───── EXERCISE MATERIAL

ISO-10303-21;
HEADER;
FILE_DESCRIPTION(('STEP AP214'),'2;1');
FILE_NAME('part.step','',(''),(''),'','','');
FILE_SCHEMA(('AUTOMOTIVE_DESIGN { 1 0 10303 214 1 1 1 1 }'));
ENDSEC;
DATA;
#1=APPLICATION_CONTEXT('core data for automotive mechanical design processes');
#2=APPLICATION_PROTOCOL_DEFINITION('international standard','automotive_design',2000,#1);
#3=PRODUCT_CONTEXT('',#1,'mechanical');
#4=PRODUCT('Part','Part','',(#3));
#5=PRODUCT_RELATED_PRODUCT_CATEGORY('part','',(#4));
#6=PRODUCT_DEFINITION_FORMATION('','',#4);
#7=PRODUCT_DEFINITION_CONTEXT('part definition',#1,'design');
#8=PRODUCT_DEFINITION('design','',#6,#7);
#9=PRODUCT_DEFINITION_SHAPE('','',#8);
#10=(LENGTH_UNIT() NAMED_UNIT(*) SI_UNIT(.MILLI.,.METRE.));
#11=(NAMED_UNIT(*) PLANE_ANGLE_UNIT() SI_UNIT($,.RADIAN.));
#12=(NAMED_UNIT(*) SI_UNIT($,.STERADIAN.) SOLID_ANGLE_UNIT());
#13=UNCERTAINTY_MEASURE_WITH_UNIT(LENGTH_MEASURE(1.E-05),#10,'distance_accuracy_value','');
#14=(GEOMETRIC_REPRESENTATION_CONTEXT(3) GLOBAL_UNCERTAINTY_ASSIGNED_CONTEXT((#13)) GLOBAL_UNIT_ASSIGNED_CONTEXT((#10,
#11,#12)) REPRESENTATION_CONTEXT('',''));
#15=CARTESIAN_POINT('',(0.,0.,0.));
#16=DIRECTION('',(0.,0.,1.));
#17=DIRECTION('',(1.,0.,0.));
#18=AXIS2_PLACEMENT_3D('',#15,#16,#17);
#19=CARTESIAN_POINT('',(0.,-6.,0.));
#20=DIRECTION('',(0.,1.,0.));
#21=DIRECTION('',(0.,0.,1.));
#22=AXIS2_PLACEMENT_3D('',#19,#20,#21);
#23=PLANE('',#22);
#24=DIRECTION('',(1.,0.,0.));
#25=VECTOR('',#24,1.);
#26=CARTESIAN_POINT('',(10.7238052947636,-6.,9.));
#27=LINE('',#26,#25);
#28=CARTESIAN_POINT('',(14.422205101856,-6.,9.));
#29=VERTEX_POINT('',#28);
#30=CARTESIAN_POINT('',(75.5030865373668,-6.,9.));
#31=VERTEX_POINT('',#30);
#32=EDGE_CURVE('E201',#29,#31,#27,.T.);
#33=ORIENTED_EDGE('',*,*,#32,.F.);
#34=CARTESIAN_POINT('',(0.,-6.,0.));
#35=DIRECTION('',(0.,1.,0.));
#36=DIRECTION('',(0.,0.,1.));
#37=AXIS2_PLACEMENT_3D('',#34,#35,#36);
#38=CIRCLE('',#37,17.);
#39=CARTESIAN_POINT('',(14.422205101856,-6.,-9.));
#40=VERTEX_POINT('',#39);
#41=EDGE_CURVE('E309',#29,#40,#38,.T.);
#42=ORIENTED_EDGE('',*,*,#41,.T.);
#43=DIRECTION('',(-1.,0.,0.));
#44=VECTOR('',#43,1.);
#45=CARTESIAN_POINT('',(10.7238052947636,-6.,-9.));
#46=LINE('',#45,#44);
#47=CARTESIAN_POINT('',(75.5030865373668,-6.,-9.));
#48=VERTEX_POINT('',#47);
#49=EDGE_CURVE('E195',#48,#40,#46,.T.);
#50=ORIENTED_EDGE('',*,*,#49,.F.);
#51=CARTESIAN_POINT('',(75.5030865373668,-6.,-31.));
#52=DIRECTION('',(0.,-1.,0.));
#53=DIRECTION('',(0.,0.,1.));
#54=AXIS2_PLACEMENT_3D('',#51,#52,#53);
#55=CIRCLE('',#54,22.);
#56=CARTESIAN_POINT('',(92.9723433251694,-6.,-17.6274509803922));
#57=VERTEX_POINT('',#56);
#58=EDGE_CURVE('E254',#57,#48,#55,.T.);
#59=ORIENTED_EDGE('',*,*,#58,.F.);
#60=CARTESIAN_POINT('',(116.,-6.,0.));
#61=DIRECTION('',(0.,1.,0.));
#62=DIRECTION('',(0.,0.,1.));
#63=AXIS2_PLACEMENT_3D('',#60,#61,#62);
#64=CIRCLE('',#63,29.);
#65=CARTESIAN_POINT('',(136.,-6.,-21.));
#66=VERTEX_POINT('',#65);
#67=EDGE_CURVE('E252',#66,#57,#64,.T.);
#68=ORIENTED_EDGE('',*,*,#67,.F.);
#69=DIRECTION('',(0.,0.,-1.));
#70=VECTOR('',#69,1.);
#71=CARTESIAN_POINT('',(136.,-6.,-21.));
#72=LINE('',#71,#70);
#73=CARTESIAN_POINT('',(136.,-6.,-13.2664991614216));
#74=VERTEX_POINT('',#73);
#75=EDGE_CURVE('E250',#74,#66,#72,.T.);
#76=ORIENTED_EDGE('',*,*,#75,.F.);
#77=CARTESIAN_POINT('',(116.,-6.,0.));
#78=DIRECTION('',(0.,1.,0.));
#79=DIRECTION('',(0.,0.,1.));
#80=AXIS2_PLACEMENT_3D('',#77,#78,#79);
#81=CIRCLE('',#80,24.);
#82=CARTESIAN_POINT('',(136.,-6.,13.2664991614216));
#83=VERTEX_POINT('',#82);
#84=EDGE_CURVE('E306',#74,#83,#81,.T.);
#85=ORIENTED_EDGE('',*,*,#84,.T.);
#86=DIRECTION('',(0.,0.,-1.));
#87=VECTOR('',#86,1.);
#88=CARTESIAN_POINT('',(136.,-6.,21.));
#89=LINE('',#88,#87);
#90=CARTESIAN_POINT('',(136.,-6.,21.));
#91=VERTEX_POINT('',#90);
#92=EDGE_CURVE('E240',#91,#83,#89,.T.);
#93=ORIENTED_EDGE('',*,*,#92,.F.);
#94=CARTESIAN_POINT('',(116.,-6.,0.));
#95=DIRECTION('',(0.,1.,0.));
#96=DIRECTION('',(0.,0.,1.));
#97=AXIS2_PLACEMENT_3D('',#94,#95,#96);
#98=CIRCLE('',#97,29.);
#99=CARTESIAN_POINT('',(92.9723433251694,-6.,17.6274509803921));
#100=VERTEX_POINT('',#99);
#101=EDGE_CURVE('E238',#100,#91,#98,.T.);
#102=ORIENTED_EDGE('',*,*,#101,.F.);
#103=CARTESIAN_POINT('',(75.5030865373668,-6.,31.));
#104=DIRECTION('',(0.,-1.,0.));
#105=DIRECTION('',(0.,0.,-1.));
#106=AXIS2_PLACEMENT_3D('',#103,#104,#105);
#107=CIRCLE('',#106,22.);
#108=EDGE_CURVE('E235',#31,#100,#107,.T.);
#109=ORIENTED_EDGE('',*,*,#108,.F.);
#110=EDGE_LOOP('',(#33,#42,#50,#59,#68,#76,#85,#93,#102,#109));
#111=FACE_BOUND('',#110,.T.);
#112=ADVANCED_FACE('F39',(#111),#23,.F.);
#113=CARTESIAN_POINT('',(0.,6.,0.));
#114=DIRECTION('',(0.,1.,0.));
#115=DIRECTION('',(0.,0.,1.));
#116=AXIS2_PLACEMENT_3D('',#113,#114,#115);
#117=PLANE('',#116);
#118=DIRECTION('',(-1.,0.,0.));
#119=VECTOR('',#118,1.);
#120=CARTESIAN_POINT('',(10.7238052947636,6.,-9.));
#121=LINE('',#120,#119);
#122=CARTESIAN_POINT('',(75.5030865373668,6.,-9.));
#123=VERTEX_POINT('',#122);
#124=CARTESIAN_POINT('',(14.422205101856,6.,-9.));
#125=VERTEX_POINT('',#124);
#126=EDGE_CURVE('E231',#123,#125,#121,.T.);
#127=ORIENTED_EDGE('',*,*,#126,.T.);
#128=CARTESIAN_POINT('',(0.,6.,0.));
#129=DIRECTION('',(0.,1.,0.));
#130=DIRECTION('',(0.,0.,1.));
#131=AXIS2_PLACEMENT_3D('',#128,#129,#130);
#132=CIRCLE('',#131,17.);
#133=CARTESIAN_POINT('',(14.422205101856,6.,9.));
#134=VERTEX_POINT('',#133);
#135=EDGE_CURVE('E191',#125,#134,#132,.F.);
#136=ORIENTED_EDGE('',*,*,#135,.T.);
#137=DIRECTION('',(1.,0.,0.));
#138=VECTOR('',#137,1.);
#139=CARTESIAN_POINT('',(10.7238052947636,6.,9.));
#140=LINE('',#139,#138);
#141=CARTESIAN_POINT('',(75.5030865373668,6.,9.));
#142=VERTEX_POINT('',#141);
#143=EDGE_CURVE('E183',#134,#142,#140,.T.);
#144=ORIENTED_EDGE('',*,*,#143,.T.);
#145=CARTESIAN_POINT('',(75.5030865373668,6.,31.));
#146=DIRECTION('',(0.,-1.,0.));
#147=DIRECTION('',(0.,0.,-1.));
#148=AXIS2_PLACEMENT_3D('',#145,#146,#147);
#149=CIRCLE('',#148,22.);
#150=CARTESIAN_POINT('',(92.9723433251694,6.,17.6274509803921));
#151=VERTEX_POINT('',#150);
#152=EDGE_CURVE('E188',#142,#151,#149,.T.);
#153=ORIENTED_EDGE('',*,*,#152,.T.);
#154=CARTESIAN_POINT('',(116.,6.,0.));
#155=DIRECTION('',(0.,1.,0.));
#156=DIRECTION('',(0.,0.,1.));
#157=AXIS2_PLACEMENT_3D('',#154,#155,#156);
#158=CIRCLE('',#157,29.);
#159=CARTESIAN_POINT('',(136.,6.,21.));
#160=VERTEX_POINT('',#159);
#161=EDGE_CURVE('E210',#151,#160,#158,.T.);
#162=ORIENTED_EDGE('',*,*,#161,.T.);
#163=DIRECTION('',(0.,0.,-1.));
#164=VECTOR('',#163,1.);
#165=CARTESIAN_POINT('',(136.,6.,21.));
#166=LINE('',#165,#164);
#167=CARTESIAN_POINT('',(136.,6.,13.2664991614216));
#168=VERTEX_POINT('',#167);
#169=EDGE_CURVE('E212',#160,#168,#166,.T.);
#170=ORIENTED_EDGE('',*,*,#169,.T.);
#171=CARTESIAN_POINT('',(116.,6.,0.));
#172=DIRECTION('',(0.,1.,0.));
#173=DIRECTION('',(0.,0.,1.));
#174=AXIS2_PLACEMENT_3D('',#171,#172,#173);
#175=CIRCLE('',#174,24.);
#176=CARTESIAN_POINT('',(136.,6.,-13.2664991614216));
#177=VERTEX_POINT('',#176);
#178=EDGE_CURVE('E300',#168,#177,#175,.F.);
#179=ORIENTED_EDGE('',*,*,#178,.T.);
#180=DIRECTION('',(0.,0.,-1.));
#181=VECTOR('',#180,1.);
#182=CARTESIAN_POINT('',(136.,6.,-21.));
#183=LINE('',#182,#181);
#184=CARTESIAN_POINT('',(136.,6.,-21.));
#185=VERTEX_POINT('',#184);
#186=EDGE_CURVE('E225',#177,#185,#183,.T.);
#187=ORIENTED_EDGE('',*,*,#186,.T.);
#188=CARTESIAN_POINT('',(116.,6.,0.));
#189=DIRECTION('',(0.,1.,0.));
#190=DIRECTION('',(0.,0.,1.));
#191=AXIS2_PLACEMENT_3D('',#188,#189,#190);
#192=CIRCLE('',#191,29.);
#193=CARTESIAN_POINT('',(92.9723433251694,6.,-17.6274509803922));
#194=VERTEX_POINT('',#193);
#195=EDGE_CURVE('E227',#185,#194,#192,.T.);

──────────

> **HOW TO COMPLETE THIS TASK**
Repeat word for word the lines above that run from the line containing "#134=VERTEX_POINT('',#133);" through the line containing "#141=CARTESIAN_POINT('',(75.5030865373668,6.,9.));", both ends included, and nothing else.

> **RESULT OF THIS TASK**
#134=VERTEX_POINT('',#133);
#135=EDGE_CURVE('E191',#125,#134,#132,.F.);
#136=ORIENTED_EDGE('',*,*,#135,.T.);
#137=DIRECTION('',(1.,0.,0.));
#138=VECTOR('',#137,1.);
#139=CARTESIAN_POINT('',(10.7238052947636,6.,9.));
#140=LINE('',#139,#138);
#141=CARTESIAN_POINT('',(75.5030865373668,6.,9.));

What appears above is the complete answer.